On 8/24/2011 4:22 AM, Stephen J. Turnbull wrote:
Terry Reedy writes:
> The current UCS2 Unicode string implementation, by design, quickly gives
> WRONG answers for len(), iteration, indexing, and slicing if a string
> contains any non-BMP (surrogate pair) Unicode characters. That may have
> been excusable when there essentially were no such extended chars, and
> the few there were were almost never used.
Well, no, it gives the right answer according to the design. unicode
objects do not contain character strings.
Excuse me for believing the fine 3.2 manual that says
"Strings contain Unicode characters." (And to a naive reader, that
implies that string iteration and indexing should produce Unicode
characters.)
By design, they contain code point strings.
For the purpose of my sentence, the same thing in that code points
correspond to characters, where 'character' includes ascii control
'characters' and unicode analogs. The problem is that on narrow builds
strings are NOT code point sequences. They are 2-byte code *unit*
sequences. Single non-BMP code points are seen as 2 code units and hence
given a length of 2, not 1. Strings iterate, index, and slice by 2-byte
code units, not by code points.
Python floats try to follow the IEEE standard as interpreted for Python
(Python has its software exceptions rather than signalling versus
non-signalling hardware signals). Python decimals slavishly follow the
IEEE decimal standard. Python narrow build unicode breaks the standard
for non-BMP code points and cosequently, breaks the re module even when
it works for wide builds. As sys.maxunicode more or less says, only the
BMP subset is fully supported. Any narrow build string with even 1
non-BMP char violates the standard.
Guido has made that absolutely clear on a number
of occasions.
It is not clear what you mean, but recently on python-ideas he has
reiterated that he intends bytes and strings to be conceptually
different. Bytes are computer-oriented binary arrays; strings are
supposedly human-oriented character/codepoint arrays. Except they are
not for non-BMP characters/codepoints. Narrow build unicode is
effectively an array of two-byte binary units.
> And the reasons have very little to do with lack of
non-BMP characters to trip up the implementation. Changing those
semantics should have been done before the release of Python 3.
The documentation was changed at least a bit for 3.0, and anyway, as
indicated above, it is easy (especially for new users) to read the docs
in a way that makes the current behavior buggy. I agree that the
implementation should have been changed already.
Currently, the meaning of Python code differs on narrow versus wide
build, and in a way that few users would expect or want. PEP 393
abolishes narrow builds as we now know them and changes semantics. I was
answering a complaint about that change.
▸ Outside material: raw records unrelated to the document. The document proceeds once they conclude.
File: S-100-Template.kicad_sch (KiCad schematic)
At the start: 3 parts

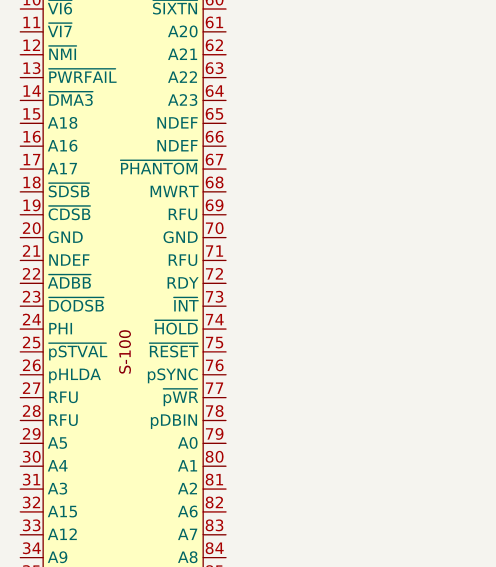
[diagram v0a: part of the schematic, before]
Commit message: Correct spelling of ADSB
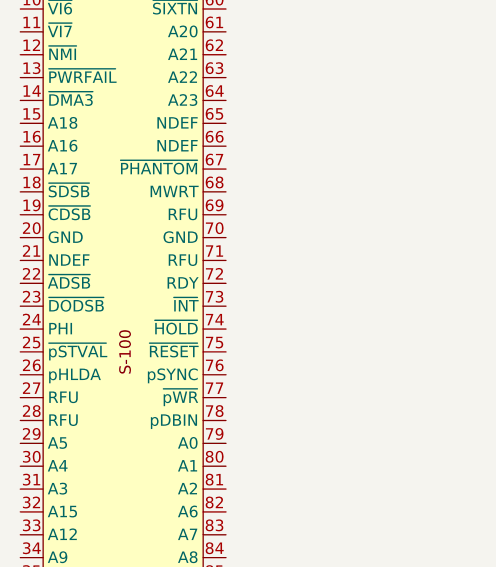
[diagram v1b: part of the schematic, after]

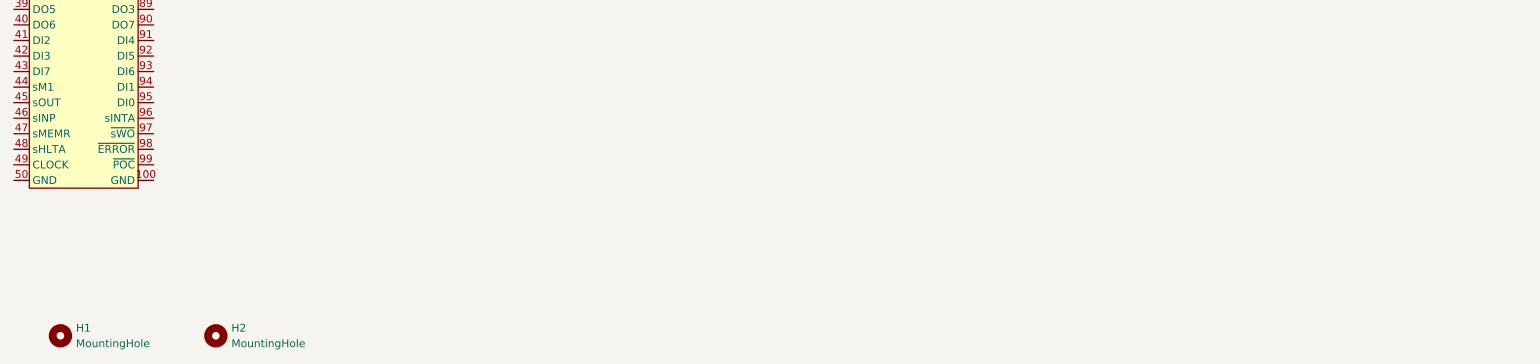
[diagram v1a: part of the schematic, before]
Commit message: Cleanup paste layer Add card ejector info
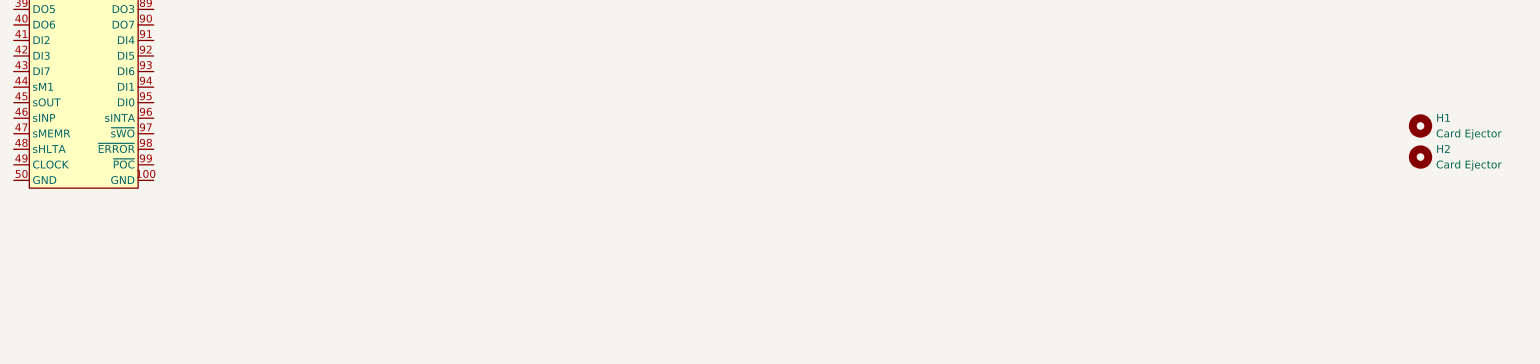
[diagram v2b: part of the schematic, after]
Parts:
- H1, H2: value MountingHole -> Card Ejector; Digi-Key_PN (none) -> 492-1025-ND; Manufacturer   (none) -> Bivar Inc.; now in the parts list
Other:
- moved on the sheet: H1, H2
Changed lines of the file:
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@@
 	(symbol
 		(lib_id "Mechanical:MountingHole")
-		(at 69.85 187.96 0)
+		(at 266.7 158.75 0)
 		(unit 1)
 		(exclude_from_sim no)
-		(in_bom no)
+		(in_bom yes)
 		(on_board yes)
 		(dnp no)
 		(fields_autoplaced yes)
 		(property "Reference" "H2"
-			(at 72.39 186.6899 0)
+			(at 269.24 157.4799 0)
 			(effects
 				(font
@@
 			)
 		)
-		(property "Value" "MountingHole"
-			(at 72.39 189.2299 0)
+		(property "Value" "Card Ejector"
+			(at 269.24 160.0199 0)
 			(effects
 				(font
@@
 		)
 		(property "Footprint" "MountingHole:MountingHole_2.5mm"
-			(at 69.85 187.96 0)
+			(at 266.7 158.75 0)
 			(effects
 				(font
@@
 			)
 		)
-		(property "Datasheet" "~"
-			(at 69.85 187.96 0)
+		(property "Datasheet" "https://mm.digikey.com/Volume0/opasdata/d220001/medias/docus/6722/CP-2X_D1.pdf"
+			(at 266.7 158.75 0)
 			(effects
 				(font
@@
 		)
 		(property "Description" "Mounting Hole without connection"
-			(at 69.85 187.96 0)
+			(at 266.7 158.75 0)
+			(effects
+				(font
+					(size 1.27 1.27)
+				)
+				(hide yes)
+			)
+		)
+		(property "Digi-Key_PN" "492-1025-ND"
+			(at 266.7 158.75 0)
+			(effects
+				(font
+					(size 1.27 1.27)
+				)
+				(hide yes)
+			)
+		)
+		(property "Manufacturer  " "Bivar Inc."
+			(at 266.7 158.75 0)
 			(effects
 				(font
@@
 	)
 	(symbol
+		(lib_name "MountingHole_1")
 		(lib_id "Mechanical:MountingHole")
-		(at 44.45 187.96 0)
+		(at 266.7 153.67 0)
 		(unit 1)
 		(exclude_from_sim no)
-		(in_bom no)
+		(in_bom yes)
 		(on_board yes)
 		(dnp no)
 		(fields_autoplaced yes)
 		(property "Reference" "H1"
-			(at 46.99 186.6899 0)
+			(at 269.24 152.3999 0)
 			(effects
 				(font
@@
 			)
 		)
-		(property "Value" "MountingHole"
-			(at 46.99 189.2299 0)
+		(property "Value" "Card Ejector"
+			(at 269.24 154.9399 0)
 			(effects
 				(font
@@
 		)
 		(property "Footprint" "MountingHole:MountingHole_2.5mm"
-			(at 44.45 187.96 0)
+			(at 266.7 153.67 0)
 			(effects
 				(font
@@
 			)
 		)
-		(property "Datasheet" "~"
-			(at 44.45 187.96 0)
+		(property "Datasheet" "https://mm.digikey.com/Volume0/opasdata/d220001/medias/docus/6722/CP-2X_D1.pdf"
+			(at 266.7 153.67 0)
 			(effects
 				(font
@@
 		)
 		(property "Description" "Mounting Hole without connection"
-			(at 44.45 187.96 0)
+			(at 266.7 153.67 0)
 			(effects
 				(font
+					(size 1.27 1.27)
+				)
+				(hide yes)
+			)
+		)
+		(property "Digi-Key_PN" "492-1025-ND"
+			(at 266.7 153.67 0)
+			(effects
+				(font
+					(size 1.27 1.27)
+				)
+				(hide yes)
+			)
+		)
+		(property "Manufacturer  " "Bivar Inc."
+			(at 266.7 153.67 0)
+			(effects
+				(font

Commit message: DRC cleanup
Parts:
- H1, H2: Manufacturer (none) -> Bivar Inc.; Manufacturer   Bivar Inc. -> (none)
- J1: value ~ -> (none)
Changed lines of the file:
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@@
 			)
 		)
-		(property "Value" "~"
+		(property "Value" ""
 			(at 48.26 34.29 0)
 			(effects
@@
 			)
 		)
-		(property "Manufacturer  " "Bivar Inc."
+		(property "Manufacturer" "Bivar Inc."
 			(at 266.7 158.75 0)
 			(effects
@@
 			)
 		)
-		(property "Manufacturer  " "Bivar Inc."
-			(at 266.7 153.67 0)
-			(effects
+		(property "Manufacturer" "Bivar Inc."
+			(at 266.7 153.67 0)
+			(effects

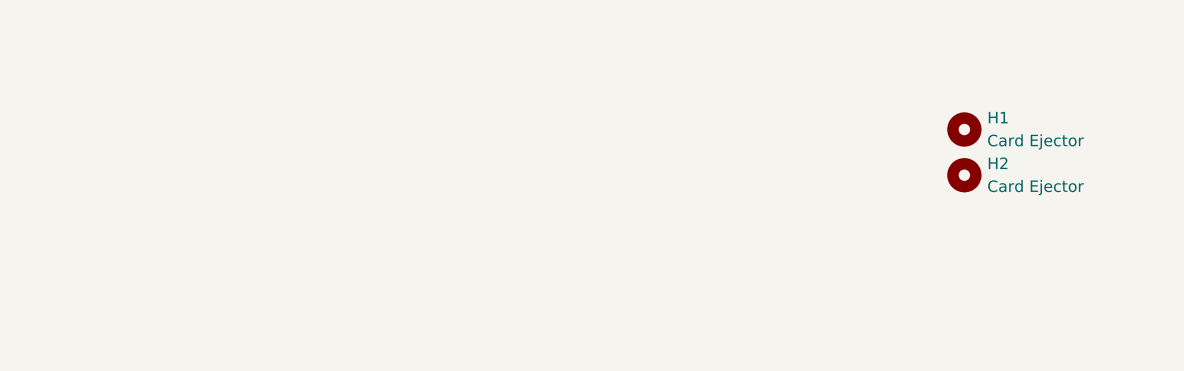
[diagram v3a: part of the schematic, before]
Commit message: Change size to to 5x10
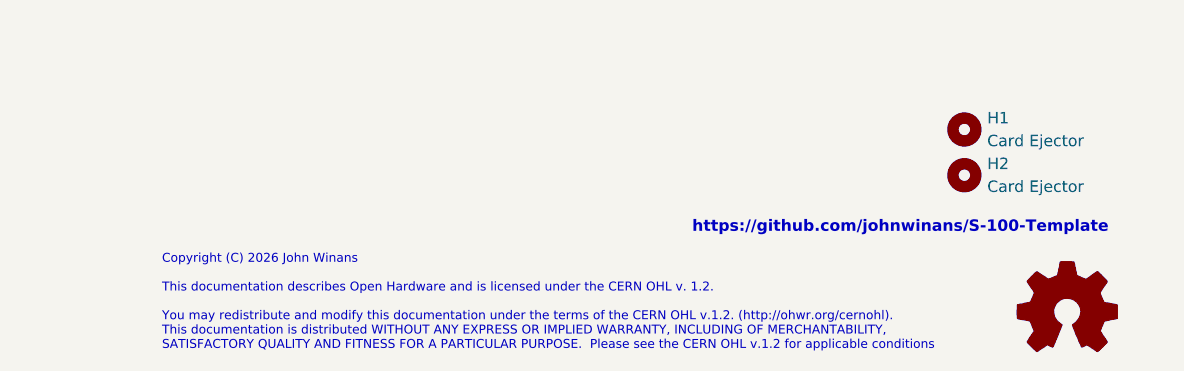
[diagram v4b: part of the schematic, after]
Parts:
- added LOGO1: OSHW_Logo, Symbol:OSHW-Logo_11.4x12mm_SilkScreen, symbol Graphic:Logo_Open_Hardware_Small
- J1: value (none) -> ~
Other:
- note added: "Copyright (C) 2026 John Winans This documentation describes Open Hardware and is licensed under the CERN OHL v. 1.2. You may redistribute and modify this documentation under the terms of the CERN OHL v.1.2. (http://ohwr.org/cernohl). This documentation is distributed WITHOUT ANY EXPRESS OR IMPLIED WARRANTY, INCLUDING OF MERCHANTABILITY, SATISFACTORY QUALITY AND FITNESS FOR A PARTICULAR PURPOSE. P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"
- note added: "https://github.com/johnwinans/S-100-Template"
- title: (none) -> S-100 Card Template
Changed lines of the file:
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@@
 	(generator_version "9.0")
 	(paper "A4")
+	(title_block
+		(title "S-100 Card Template")
+		(date "2026-04-08")
+		(rev "1.1")
+	)
+	(text "Copyright (C) 2026 John Winans\n\nThis documentation describes Open Hardware and is licensed under the CERN OHL v. 1.2.\n\nYou may redistribute and modify this documentation under the terms of the CERN OHL v.1.2. (http://ohwr.org/cernohl). \nThis documentation is distributed WITHOUT ANY EXPRESS OR IMPLIED WARRANTY, INCLUDING OF MERCHANTABILITY, \nSATISFACTORY QUALITY AND FITNESS FOR A PARTICULAR PURPOSE.  Please see the CERN OHL v.1.2 for applicable conditions"
+		(exclude_from_sim no)
+		(at 177.546 178.308 0)
+		(effects
+			(font
+				(size 0.9906 0.9906)
+			)
+			(justify left bottom)
+		)
+	)
+	(text "https://github.com/johnwinans/S-100-Template"
+		(exclude_from_sim no)
+		(at 259.588 164.592 0)
+		(effects
+			(font
+				(size 1.27 1.27)
+				(thickness 0.254)
+				(bold yes)
+			)
+		)
+	)
+	(symbol
+		(lib_id "Graphic:Logo_Open_Hardware_Small")
+		(at 278.13 173.99 0)
+		(unit 1)
+		(exclude_from_sim no)
+		(in_bom no)
+		(on_board yes)
+		(dnp no)
+		(property "Reference" "LOGO1"
+			(at 278.13 167.005 0)
+			(effects
+				(font
+					(size 1.27 1.27)
+				)
+				(hide yes)
+			)
+		)
+		(property "Value" "OSHW_Logo"
+			(at 278.13 179.705 0)
+			(effects
+				(font
+					(size 1.27 1.27)
+				)
+				(hide yes)
+			)
+		)
+		(property "Footprint" "Symbol:OSHW-Logo_11.4x12mm_SilkScreen"
+			(at 278.13 173.99 0)
+			(effects
+				(font
+					(size 1.27 1.27)
+				)
+				(hide yes)
+			)
+		)
+		(property "Datasheet" ""
+			(at 278.13 173.99 0)
+			(effects
+				(font
+					(size 1.27 1.27)
+				)
+				(hide yes)
+			)
+		)
+		(property "Description" ""
+			(at 278.13 173.99 0)
+			(effects
+				(font
+					(size 1.27 1.27)
+				)
+			)
+		)
+		(instances
+			(project "S-100-Template"
+				(path "/e6802e0a-d78e-48fb-9644-7dc83bb4bf35"
+					(reference "LOGO1")
+					(unit 1)
+				)
+			)
+		)
+	)
 	(symbol
 		(lib_id "S100:S100-Edge-Connector")
@@
 			)
 		)
-		(property "Value" ""
+		(property "Value" "~"
 			(at 48.26 34.29 0)
 			(effects
@@
 		)
 		(property "Description" ""
+			(at 48.26 99.06 0)
+			(effects
+				(font
+					(size 1.27 1.27)
+				)
+				(hide yes)
+			)
+		)
+		(property "Manufacturer  " ""
 			(at 48.26 99.06 0)
 			(effects
@@
 			)
 		)
-		(property "Description" "Mounting Hole without connection"
+		(property "Description" "Card Ejector"
 			(at 266.7 158.75 0)
 			(effects
@@
 		)
 		(property "Manufacturer" "Bivar Inc."
+			(at 266.7 158.75 0)
+			(effects
+				(font
+					(size 1.27 1.27)
+				)
+				(hide yes)
+			)
+		)
+		(property "Manufacturer  " ""
 			(at 266.7 158.75 0)
 			(effects
@@
 			)
 		)
-		(property "Description" "Mounting Hole without connection"
+		(property "Description" "Card Ejector"
 			(at 266.7 153.67 0)
 			(effects
@@
 			(at 266.7 153.67 0)
 			(effects
+				(font
+					(size 1.27 1.27)
+				)
+				(hide yes)
+			)
+		)
+		(property "Manufacturer  " ""
+			(at 266.7 153.67 0)
+			(effects

If you do not like the PEP, fine.
My separate proposal in my other post is for an alternative
implementation but with, I presume, pretty the same visible changes.
It is not clear to me that it is a good idea to try to decide on "the"
correct implementation of Unicode strings in Python even today.
If the implementation is invisible to the Python user, as I believe it
should be without specially introspection, and mostly invisible in the
C-API except for those who intentionally poke into the details, then the
implementation can be changed as the consensus on best implementation
changes.
There are a number of approaches that I can think of.
1. The "too bad if you can't take a joke" approach: do nothing and
recommend UTF-32 to those who want len() to DTRT.
2. The "slope is slippery" approach: Implement UTF-16 objects as
built-ins, and then try to fend off requests for correct treatment
of unnormalized composed characters, normalization, compatibility
substitutions, bidi, etc etc.
3. The "are we not hackers?" approach: Implement a transform that
maps characters that are not represented by a single code point
into Unicode private space, and then see if anybody really needs
more than 6400 non-BMP characters. (Note that this would
generalize to composed characters that don't have a one-code-point
NFC form and similar non-standardized cases that nonstandard users
might want handled.)
4. The "42" approach: sadly, I can't think deeply enough to explain it.
There are probably others.
It's true that Python is going to need good libraries to provide
correct handling of Unicode strings (as opposed to unicode objects).
Given that 3.0 unicode (string) objects are defined as Unicode character
strings, I do not see the opposition.
But it's not clear to me given the wide variety of implementations I
can imagine that there will be one best implementation, let alone
which ones are good and Pythonic, and which not so.